Finding Corners

Many important image cues such as 'T'-,'X'and 'L'junctions have a local two-dimensional structure. Conventional edge detectors are designed for one-dimensional 'events'. Even the best edge operators can not reliably detect these two-dimensional features. This contribution proposes a solution to the two-dimensional problem. In this paper, I address the following: • 'L'-junction detection. Previous attempts, relying on the second differentials of the image surface have essentially measured image curvature. Recently Harris [Harris 87] implemented a 'corner' detector that is based only on first differentials. I provide a mathematical proof to explain how this algorithm estimates image curvature.
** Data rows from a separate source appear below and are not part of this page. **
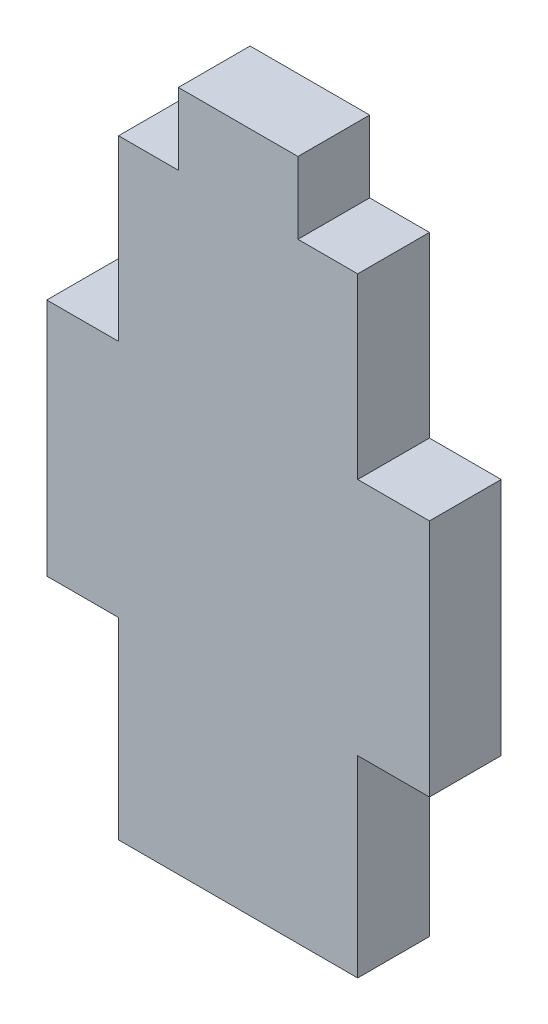
ISO-10303-21;
HEADER;
FILE_DESCRIPTION(('STEP AP214'),'2;1');
FILE_NAME('part.step','',(''),(''),'','','');
FILE_SCHEMA(('AUTOMOTIVE_DESIGN { 1 0 10303 214 1 1 1 1 }'));
ENDSEC;
DATA;
#1=APPLICATION_CONTEXT('core data for automotive mechanical design processes');
#2=APPLICATION_PROTOCOL_DEFINITION('international standard','automotive_design',2000,#1);
#3=PRODUCT_CONTEXT('',#1,'mechanical');
#4=PRODUCT('Part','Part','',(#3));
#5=PRODUCT_RELATED_PRODUCT_CATEGORY('part','',(#4));
#6=PRODUCT_DEFINITION_FORMATION('','',#4);
#7=PRODUCT_DEFINITION_CONTEXT('part definition',#1,'design');
#8=PRODUCT_DEFINITION('design','',#6,#7);
#9=PRODUCT_DEFINITION_SHAPE('','',#8);
#10=(LENGTH_UNIT() NAMED_UNIT(*) SI_UNIT(.MILLI.,.METRE.));
#11=(NAMED_UNIT(*) PLANE_ANGLE_UNIT() SI_UNIT($,.RADIAN.));
#12=(NAMED_UNIT(*) SI_UNIT($,.STERADIAN.) SOLID_ANGLE_UNIT());
#13=UNCERTAINTY_MEASURE_WITH_UNIT(LENGTH_MEASURE(1.E-05),#10,'distance_accuracy_value','');
#14=(GEOMETRIC_REPRESENTATION_CONTEXT(3) GLOBAL_UNCERTAINTY_ASSIGNED_CONTEXT((#13)) GLOBAL_UNIT_ASSIGNED_CONTEXT((#10,
#11,#12)) REPRESENTATION_CONTEXT('',''));
#15=CARTESIAN_POINT('',(0.,0.,0.));
#16=DIRECTION('',(0.,0.,1.));
#17=DIRECTION('',(1.,0.,0.));
#18=AXIS2_PLACEMENT_3D('',#15,#16,#17);
#19=CARTESIAN_POINT('',(0.,0.,0.));
#20=DIRECTION('',(0.,0.,1.));
#21=DIRECTION('',(1.,0.,0.));
#22=AXIS2_PLACEMENT_3D('',#19,#20,#21);
#23=PLANE('',#22);
#24=DIRECTION('',(0.,1.,0.));
#25=VECTOR('',#24,1.);
#26=CARTESIAN_POINT('',(36.4981674922292,0.171613986821683,5.12090370108353E-12));
#27=LINE('',#26,#25);
#28=CARTESIAN_POINT('',(36.4981674922292,10.3396981517135,5.12062148005463E-12));
#29=VERTEX_POINT('',#28);
#30=CARTESIAN_POINT('',(36.4981674922292,18.3922397071632,5.09314812546791E-12));
#31=VERTEX_POINT('',#30);
#32=EDGE_CURVE('E185',#29,#31,#27,.T.);
#33=ORIENTED_EDGE('',*,*,#32,.F.);
#34=DIRECTION('',(1.,0.,0.));
#35=VECTOR('',#34,1.);
#36=CARTESIAN_POINT('',(0.,10.3396981517135,0.));
#37=LINE('',#36,#35);
#38=CARTESIAN_POINT('',(26.4981674922293,10.3396981517135,0.));
#39=VERTEX_POINT('',#38);
#40=EDGE_CURVE('E45',#39,#29,#37,.T.);
#41=ORIENTED_EDGE('',*,*,#40,.F.);
#42=DIRECTION('',(0.,1.,0.));
#43=VECTOR('',#42,1.);
#44=CARTESIAN_POINT('',(26.4981674922293,0.171613986818197,0.));
#45=LINE('',#44,#43);
#46=CARTESIAN_POINT('',(26.4981674922293,18.3922397071597,0.));
#47=VERTEX_POINT('',#46);
#48=EDGE_CURVE('E222',#39,#47,#45,.T.);
#49=ORIENTED_EDGE('',*,*,#48,.T.);
#50=DIRECTION('',(1.,0.,0.));
#51=VECTOR('',#50,1.);
#52=CARTESIAN_POINT('',(23.4981674922293,18.3922397071597,0.));
#53=LINE('',#52,#51);
#54=CARTESIAN_POINT('',(23.4981674922293,18.3922397071597,0.));
#55=VERTEX_POINT('',#54);
#56=EDGE_CURVE('E208',#55,#47,#53,.T.);
#57=ORIENTED_EDGE('',*,*,#56,.F.);
#58=DIRECTION('',(0.,-1.,0.));
#59=VECTOR('',#58,1.);
#60=CARTESIAN_POINT('',(23.4981674922292,0.,0.));
#61=LINE('',#60,#59);
#62=CARTESIAN_POINT('',(23.4981674922293,28.3922397071597,0.));
#63=VERTEX_POINT('',#62);
#64=EDGE_CURVE('E300',#63,#55,#61,.T.);
#65=ORIENTED_EDGE('',*,*,#64,.F.);
#66=DIRECTION('',(1.,0.,0.));
#67=VECTOR('',#66,1.);
#68=CARTESIAN_POINT('',(23.4981674922293,28.3922397071597,0.));
#69=LINE('',#68,#67);
#70=CARTESIAN_POINT('',(26.4981674922293,28.3922397071597,0.));
#71=VERTEX_POINT('',#70);
#72=EDGE_CURVE('E201',#63,#71,#69,.T.);
#73=ORIENTED_EDGE('',*,*,#72,.T.);
#74=CARTESIAN_POINT('',(26.4981674922293,35.8396981517169,0.));
#75=VERTEX_POINT('',#74);
#76=EDGE_CURVE('E211',#71,#75,#45,.T.);
#77=ORIENTED_EDGE('',*,*,#76,.T.);
#78=DIRECTION('',(-1.,0.,0.));
#79=VECTOR('',#78,1.);
#80=CARTESIAN_POINT('',(0.658469340515729,35.8396981517169,5.11396480717963E-12));
#81=LINE('',#80,#79);
#82=CARTESIAN_POINT('',(28.9981674922292,35.8396981517169,5.11049536022767E-12));
#83=VERTEX_POINT('',#82);
#84=EDGE_CURVE('E265',#83,#75,#81,.T.);
#85=ORIENTED_EDGE('',*,*,#84,.F.);
#86=DIRECTION('',(0.,-1.,0.));
#87=VECTOR('',#86,1.);
#88=CARTESIAN_POINT('',(28.9981674922292,38.8396981517169,5.11049536022767E-12));
#89=LINE('',#88,#87);
#90=CARTESIAN_POINT('',(28.9981674922292,38.8396981517135,0.));
#91=VERTEX_POINT('',#90);
#92=EDGE_CURVE('E269',#91,#83,#89,.T.);
#93=ORIENTED_EDGE('',*,*,#92,.F.);
#94=DIRECTION('',(1.,0.,0.));
#95=VECTOR('',#94,1.);
#96=CARTESIAN_POINT('',(0.,38.8396981517135,0.));
#97=LINE('',#96,#95);
#98=CARTESIAN_POINT('',(33.9981674922292,38.8396981517169,5.11049536022767E-12));
#99=VERTEX_POINT('',#98);
#100=EDGE_CURVE('E297',#91,#99,#97,.T.);
#101=ORIENTED_EDGE('',*,*,#100,.T.);
#102=DIRECTION('',(0.,-1.,0.));
#103=VECTOR('',#102,1.);
#104=CARTESIAN_POINT('',(33.9981674922292,38.8396981517169,5.11049536022767E-12));
#105=LINE('',#104,#103);
#106=CARTESIAN_POINT('',(33.9981674922292,35.8396981517169,0.));
#107=VERTEX_POINT('',#106);
#108=EDGE_CURVE('E266',#99,#107,#105,.T.);
#109=ORIENTED_EDGE('',*,*,#108,.T.);
#110=CARTESIAN_POINT('',(36.4981674922292,35.8396981517169,5.11049536022767E-12));
#111=VERTEX_POINT('',#110);
#112=EDGE_CURVE('E183',#111,#107,#81,.T.);
#113=ORIENTED_EDGE('',*,*,#112,.F.);
#114=CARTESIAN_POINT('',(36.4981674922292,28.3922397071632,5.09314812546791E-12));
#115=VERTEX_POINT('',#114);
#116=EDGE_CURVE('E160',#115,#111,#27,.T.);
#117=ORIENTED_EDGE('',*,*,#116,.F.);
#118=DIRECTION('',(1.,0.,0.));
#119=VECTOR('',#118,1.);
#120=CARTESIAN_POINT('',(36.4981674922292,28.3922397071632,5.09314812546791E-12));
#121=LINE('',#120,#119);
#122=CARTESIAN_POINT('',(39.4981674922292,28.3922397071632,5.09314812546791E-12));
#123=VERTEX_POINT('',#122);
#124=EDGE_CURVE('E170',#115,#123,#121,.T.);
#125=ORIENTED_EDGE('',*,*,#124,.T.);
#126=DIRECTION('',(0.,-1.,0.));
#127=VECTOR('',#126,1.);
#128=CARTESIAN_POINT('',(39.4981674922292,0.,0.));
#129=LINE('',#128,#127);
#130=CARTESIAN_POINT('',(39.4981674922292,18.3922397071632,5.09314812546791E-12));
#131=VERTEX_POINT('',#130);
#132=EDGE_CURVE('E294',#123,#131,#129,.T.);
#133=ORIENTED_EDGE('',*,*,#132,.T.);
#134=DIRECTION('',(1.,0.,0.));
#135=VECTOR('',#134,1.);
#136=CARTESIAN_POINT('',(36.4981674922292,18.3922397071632,5.09314812546791E-12));
#137=LINE('',#136,#135);
#138=EDGE_CURVE('E186',#31,#131,#137,.T.);
#139=ORIENTED_EDGE('',*,*,#138,.F.);
#140=EDGE_LOOP('',(#33,#41,#49,#57,#65,#73,#77,#85,#93,#101,#109,#113,#117,#125,#133,#139));
#141=FACE_BOUND('',#140,.T.);
#142=ADVANCED_FACE('F41',(#141),#23,.F.);
#143=CARTESIAN_POINT('',(39.4981674922292,0.,3.));
#144=DIRECTION('',(1.,0.,0.));
#145=DIRECTION('',(0.,1.,0.));
#146=AXIS2_PLACEMENT_3D('',#143,#144,#145);
#147=PLANE('',#146);
#148=DIRECTION('',(0.,-1.,0.));
#149=VECTOR('',#148,1.);
#150=CARTESIAN_POINT('',(39.4981674922292,0.,3.));
#151=LINE('',#150,#149);
#152=CARTESIAN_POINT('',(39.4981674922292,28.3922397071632,3.00000000000512));
#153=VERTEX_POINT('',#152);
#154=CARTESIAN_POINT('',(39.4981674922292,18.3922397071632,3.));
#155=VERTEX_POINT('',#154);
#156=EDGE_CURVE('E283',#153,#155,#151,.T.);
#157=ORIENTED_EDGE('',*,*,#156,.T.);
#158=DIRECTION('',(0.,0.,-1.));
#159=VECTOR('',#158,1.);
#160=CARTESIAN_POINT('',(39.4981674922292,18.3922397071632,5.09314812546791E-12));
#161=LINE('',#160,#159);
#162=EDGE_CURVE('E67',#155,#131,#161,.T.);
#163=ORIENTED_EDGE('',*,*,#162,.T.);
#164=ORIENTED_EDGE('',*,*,#132,.F.);
#165=DIRECTION('',(0.,0.,1.));
#166=VECTOR('',#165,1.);
#167=CARTESIAN_POINT('',(39.4981674922292,28.3922397071632,5.09314812546791E-12));
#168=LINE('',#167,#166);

Although this algorithm will isolate image 'L'junctions, its performance cannot be predicted for T'-junctions and other higher order image structures. • Instead, an image representation is proposed that exploits the richness of the local differential geometrical 'topography ' of the intensity surface. Theoretical and experimental results are presented which demonstrate how idealised instances of two-dimensional surface features such as junctions can be characterised by the differential geometry of a simple facet model. • Preliminary results are very encouraging. Current studies are concerned with the extension to real data. I am investigating statistical noise models to provide a measure of 'confidence' in the geometric labelling. The richness and sparseness of a two-dimensional structure can be exploited in many high-level vision processes. I intend to use my representation to explore some of these fields in future work.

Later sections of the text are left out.